- Data to process:
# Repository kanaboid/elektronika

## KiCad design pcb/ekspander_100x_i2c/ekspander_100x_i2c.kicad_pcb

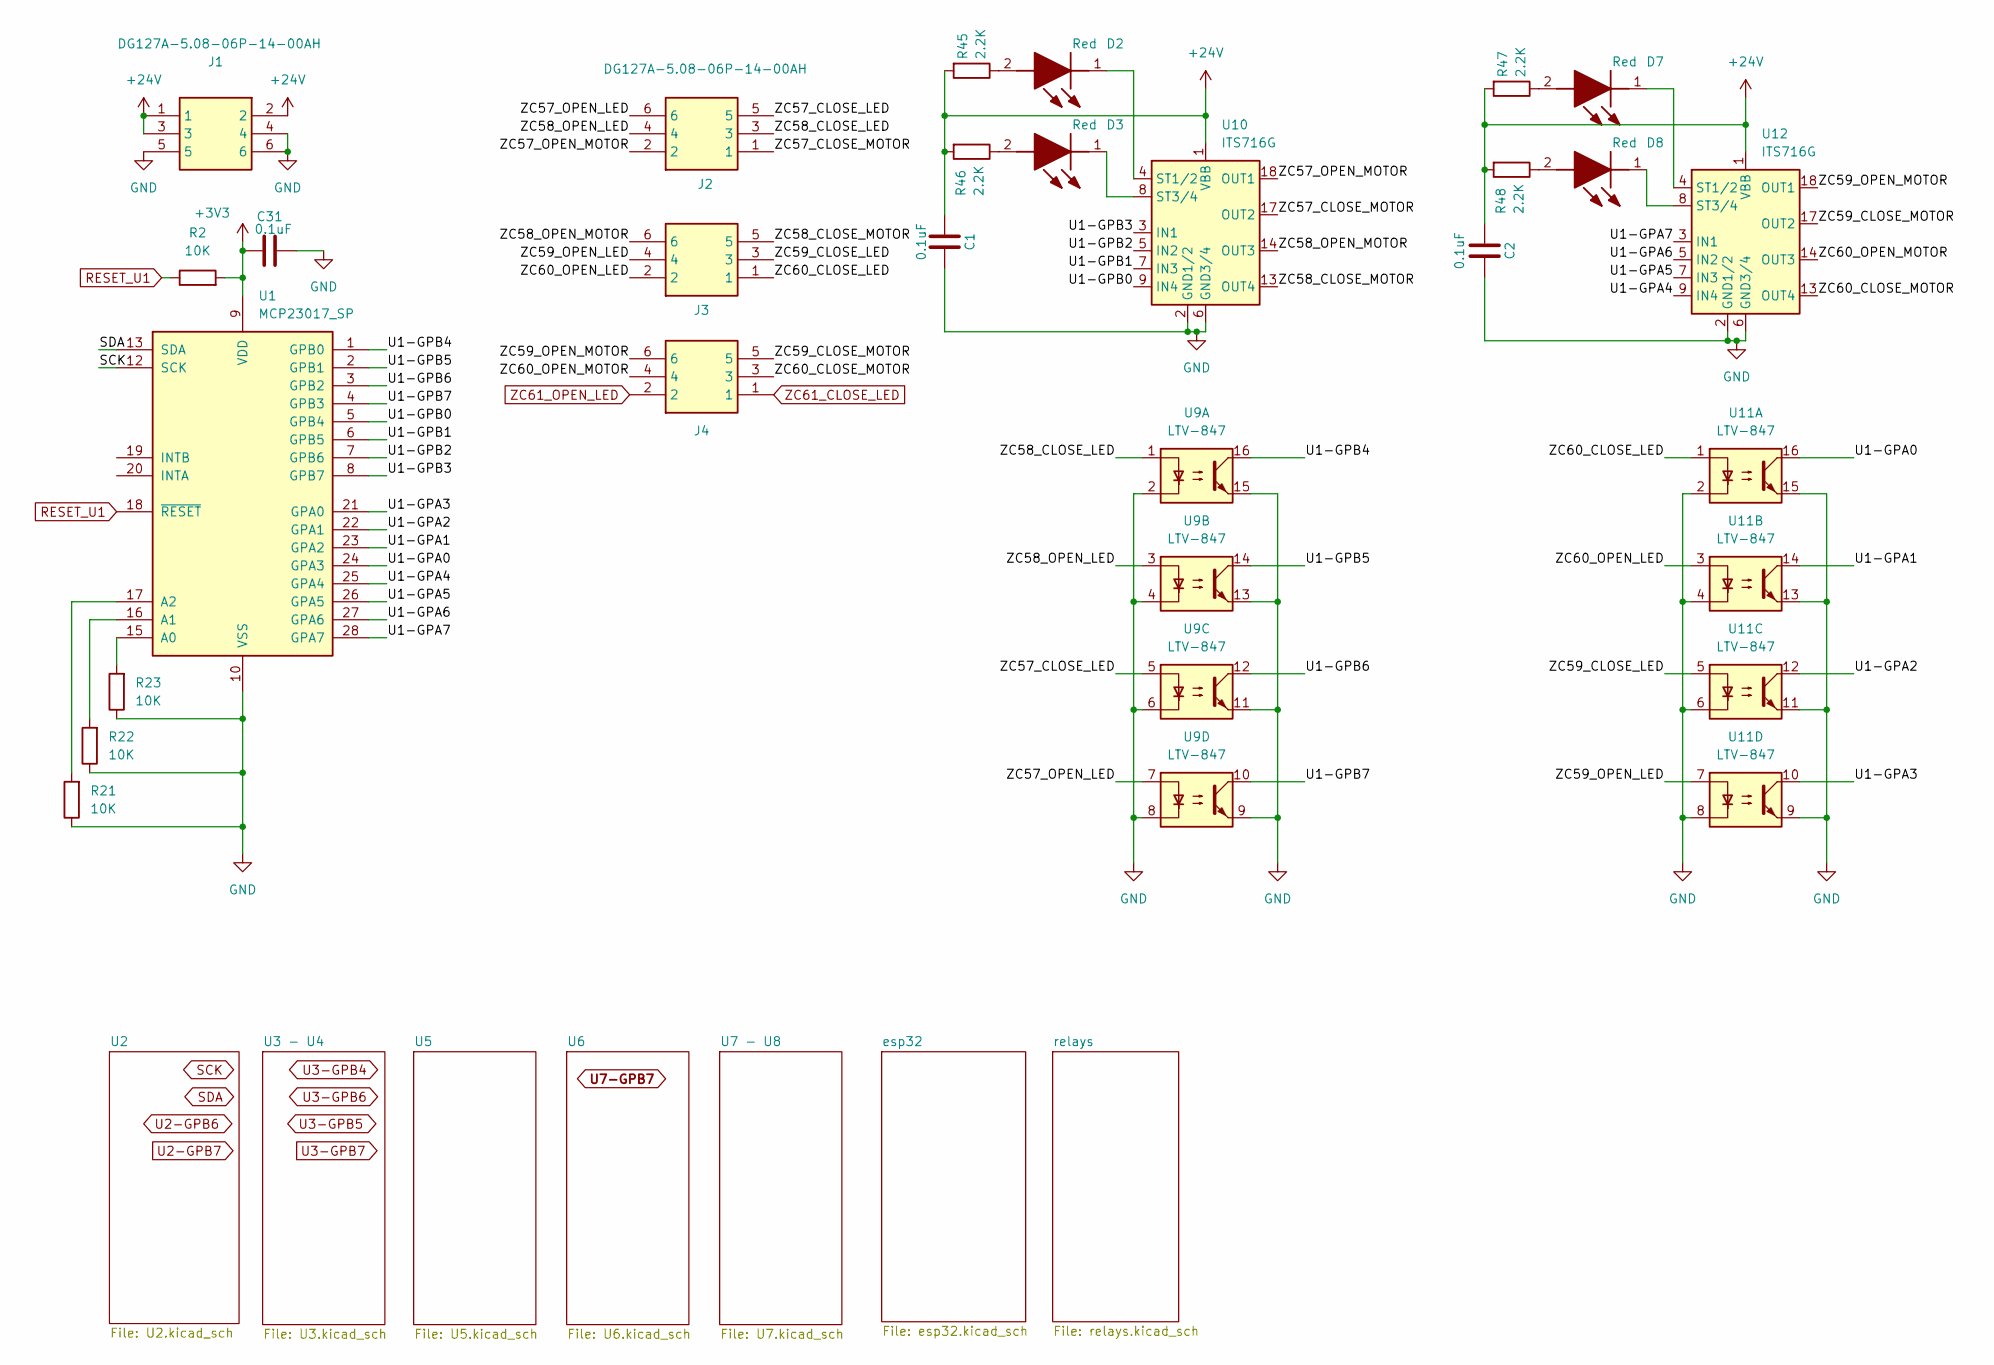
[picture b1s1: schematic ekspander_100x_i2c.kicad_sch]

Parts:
C1, C2, C31: 0.1uF; C_0805_2012Metric_Pad1.18x1.45mm_HandSolder
D2, D3, D7, D8: Red; LEDC2012X120N; Manufacturer_Part_Number LTST-C170KRKT; Mouser Part Number 859-LTST-C170KRKT
J1, J2, J3, J4: DG127A-5.08-06P-14-00AH; DG127A50806P1400AH; Manufacturer_Part_Number DG127A-5.08-06P-14-00AH
R2, R21, R22, R23: 10K; R_0805_2012Metric_Pad1.20x1.40mm_HandSolder
R45, R46, R47, R48: 2.2K; R_0805_2012Metric_Pad1.20x1.40mm_HandSolder
U1: MCP23017_SP; DIP-28_W7.62mm
U9, U11: LTV-847; DIP-16_W7.62mm
U10, U12: ITS716G; SOIC-20W_7.5x12.8mm_P1.27mm

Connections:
+3V3: C31.1, R2.2, U1.9 (VDD); also elsewhere on the board
+24V: C1.1, C2.1, J1.1, J1.2, J1.3, R45.2, R46.2, R47.2, R48.2, U10.1 (VBB), U10.10 (VBB), U10.11 (VBB), U10.12 (VBB), U10.15 (VBB), U10.16 (VBB), U10.19 (VBB), U10.20 (VBB), U12.1 (VBB), U12.10 (VBB), U12.11 (VBB), U12.12 (VBB), U12.15 (VBB), U12.16 (VBB), U12.19 (VBB), U12.20 (VBB); also elsewhere on the board
/U1-GPA0: U1.24 (GPA3), U11.16
/U1-GPA1: U1.23 (GPA2), U11.14
/U1-GPA2: U1.22 (GPA1), U11.12
/U1-GPA3: U1.21 (GPA0), U11.10
/U1-GPA4: U1.25 (GPA4), U12.9 (IN4)
/U1-GPA5: U1.26 (GPA5), U12.7 (IN3)
/U1-GPA6: U1.27 (GPA6), U12.5 (IN2)
/U1-GPA7: U1.28 (GPA7), U12.3 (IN1)
/U1-GPB0: U1.5 (GPB4), U10.9 (IN4)
/U1-GPB1: U1.6 (GPB5), U10.7 (IN3)
/U1-GPB2: U1.7 (GPB6), U10.5 (IN2)
/U1-GPB3: U1.8 (GPB7), U10.3 (IN1)
/U1-GPB4: U1.1 (GPB0), U9.16
/U1-GPB5: U1.2 (GPB1), U9.14
/U1-GPB6: U1.3 (GPB2), U9.12
/U1-GPB7: U1.4 (GPB3), U9.10
/ZC57_CLOSE_LED: J2.5, U9.5
/ZC57_CLOSE_MOTOR: J2.1, U10.17 (OUT2)
/ZC57_OPEN_LED: J2.6, U9.7
/ZC57_OPEN_MOTOR: J2.2, U10.18 (OUT1)
/ZC58_CLOSE_LED: J2.3, U9.1
/ZC58_CLOSE_MOTOR: J3.5, U10.13 (OUT4)
/ZC58_OPEN_LED: J2.4, U9.3
/ZC58_OPEN_MOTOR: J3.6, U10.14 (OUT3)
/ZC59_CLOSE_LED: J3.3, U11.5
/ZC59_CLOSE_MOTOR: J4.5, U12.17 (OUT2)
/ZC59_OPEN_LED: J3.4, U11.7
/ZC59_OPEN_MOTOR: J4.6, U12.18 (OUT1)
/ZC60_CLOSE_LED: J3.1, U11.1
/ZC60_CLOSE_MOTOR: J4.3, U12.13 (OUT4)
/ZC60_OPEN_LED: J3.2, U11.3
/ZC60_OPEN_MOTOR: J4.4, U12.14 (OUT3)
GND: C1.2, C2.2, C31.2, J1.4, J1.5, J1.6, R21.1, R22.1, R23.1, U1.10 (VSS), U9.2, U9.4, U9.6, U9.8, U9.9, U9.11, U9.13, U9.15, U10.2 (GND1/2), U10.6 (GND3/4), U11.2, U11.4, U11.6, U11.8, U11.9, U11.11, U11.13, U11.15, U12.2 (GND1/2), U12.6 (GND3/4); also elsewhere on the board
unnamed: D2.2 (A), R45.1
unnamed: D2.1 (K), U10.4 (ST1/2)
unnamed: D3.2 (A), R46.1
unnamed: D3.1 (K), U10.8 (ST3/4)
unnamed: D7.2 (A), R47.1
unnamed: D7.1 (K), U12.4 (ST1/2)
unnamed: D8.2 (A), R48.1
unnamed: D8.1 (K), U12.8 (ST3/4)
unnamed: R23.2, U1.15 (A0)
unnamed: R22.2, U1.16 (A1)
unnamed: R21.2, U1.17 (A2)
RESET_U1: R2.1, U1.18 (~RESET); also elsewhere on the board
SCK: U1.12 (SCK); also elsewhere on the board
SDA: U1.13 (SDA); also elsewhere on the board
ZC61_CLOSE_LED: J4.1; also elsewhere on the board
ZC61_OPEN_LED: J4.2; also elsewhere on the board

- Work instruction: The expected answer is an exact copy of the lines beginning at the one with "U1.2 (GPB1), U9.14" and running to the end of the entries above.

- Result of the task:
/U1-GPB5: U1.2 (GPB1), U9.14
/U1-GPB6: U1.3 (GPB2), U9.12
/U1-GPB7: U1.4 (GPB3), U9.10
/ZC57_CLOSE_LED: J2.5, U9.5
/ZC57_CLOSE_MOTOR: J2.1, U10.17 (OUT2)
/ZC57_OPEN_LED: J2.6, U9.7
/ZC57_OPEN_MOTOR: J2.2, U10.18 (OUT1)
/ZC58_CLOSE_LED: J2.3, U9.1
/ZC58_CLOSE_MOTOR: J3.5, U10.13 (OUT4)
/ZC58_OPEN_LED: J2.4, U9.3
/ZC58_OPEN_MOTOR: J3.6, U10.14 (OUT3)
/ZC59_CLOSE_LED: J3.3, U11.5
/ZC59_CLOSE_MOTOR: J4.5, U12.17 (OUT2)
/ZC59_OPEN_LED: J3.4, U11.7
/ZC59_OPEN_MOTOR: J4.6, U12.18 (OUT1)
/ZC60_CLOSE_LED: J3.1, U11.1
/ZC60_CLOSE_MOTOR: J4.3, U12.13 (OUT4)
/ZC60_OPEN_LED: J3.2, U11.3
/ZC60_OPEN_MOTOR: J4.4, U12.14 (OUT3)
GND: C1.2, C2.2, C31.2, J1.4, J1.5, J1.6, R21.1, R22.1, R23.1, U1.10 (VSS), U9.2, U9.4, U9.6, U9.8, U9.9, U9.11, U9.13, U9.15, U10.2 (GND1/2), U10.6 (GND3/4), U11.2, U11.4, U11.6, U11.8, U11.9, U11.11, U11.13, U11.15, U12.2 (GND1/2), U12.6 (GND3/4); also elsewhere on the board
unnamed: D2.2 (A), R45.1
unnamed: D2.1 (K), U10.4 (ST1/2)
unnamed: D3.2 (A), R46.1
unnamed: D3.1 (K), U10.8 (ST3/4)
unnamed: D7.2 (A), R47.1
unnamed: D7.1 (K), U12.4 (ST1/2)
unnamed: D8.2 (A), R48.1
unnamed: D8.1 (K), U12.8 (ST3/4)
unnamed: R23.2, U1.15 (A0)
unnamed: R22.2, U1.16 (A1)
unnamed: R21.2, U1.17 (A2)
RESET_U1: R2.1, U1.18 (~RESET); also elsewhere on the board
SCK: U1.12 (SCK); also elsewhere on the board
SDA: U1.13 (SDA); also elsewhere on the board
ZC61_CLOSE_LED: J4.1; also elsewhere on the board
ZC61_OPEN_LED: J4.2; also elsewhere on the board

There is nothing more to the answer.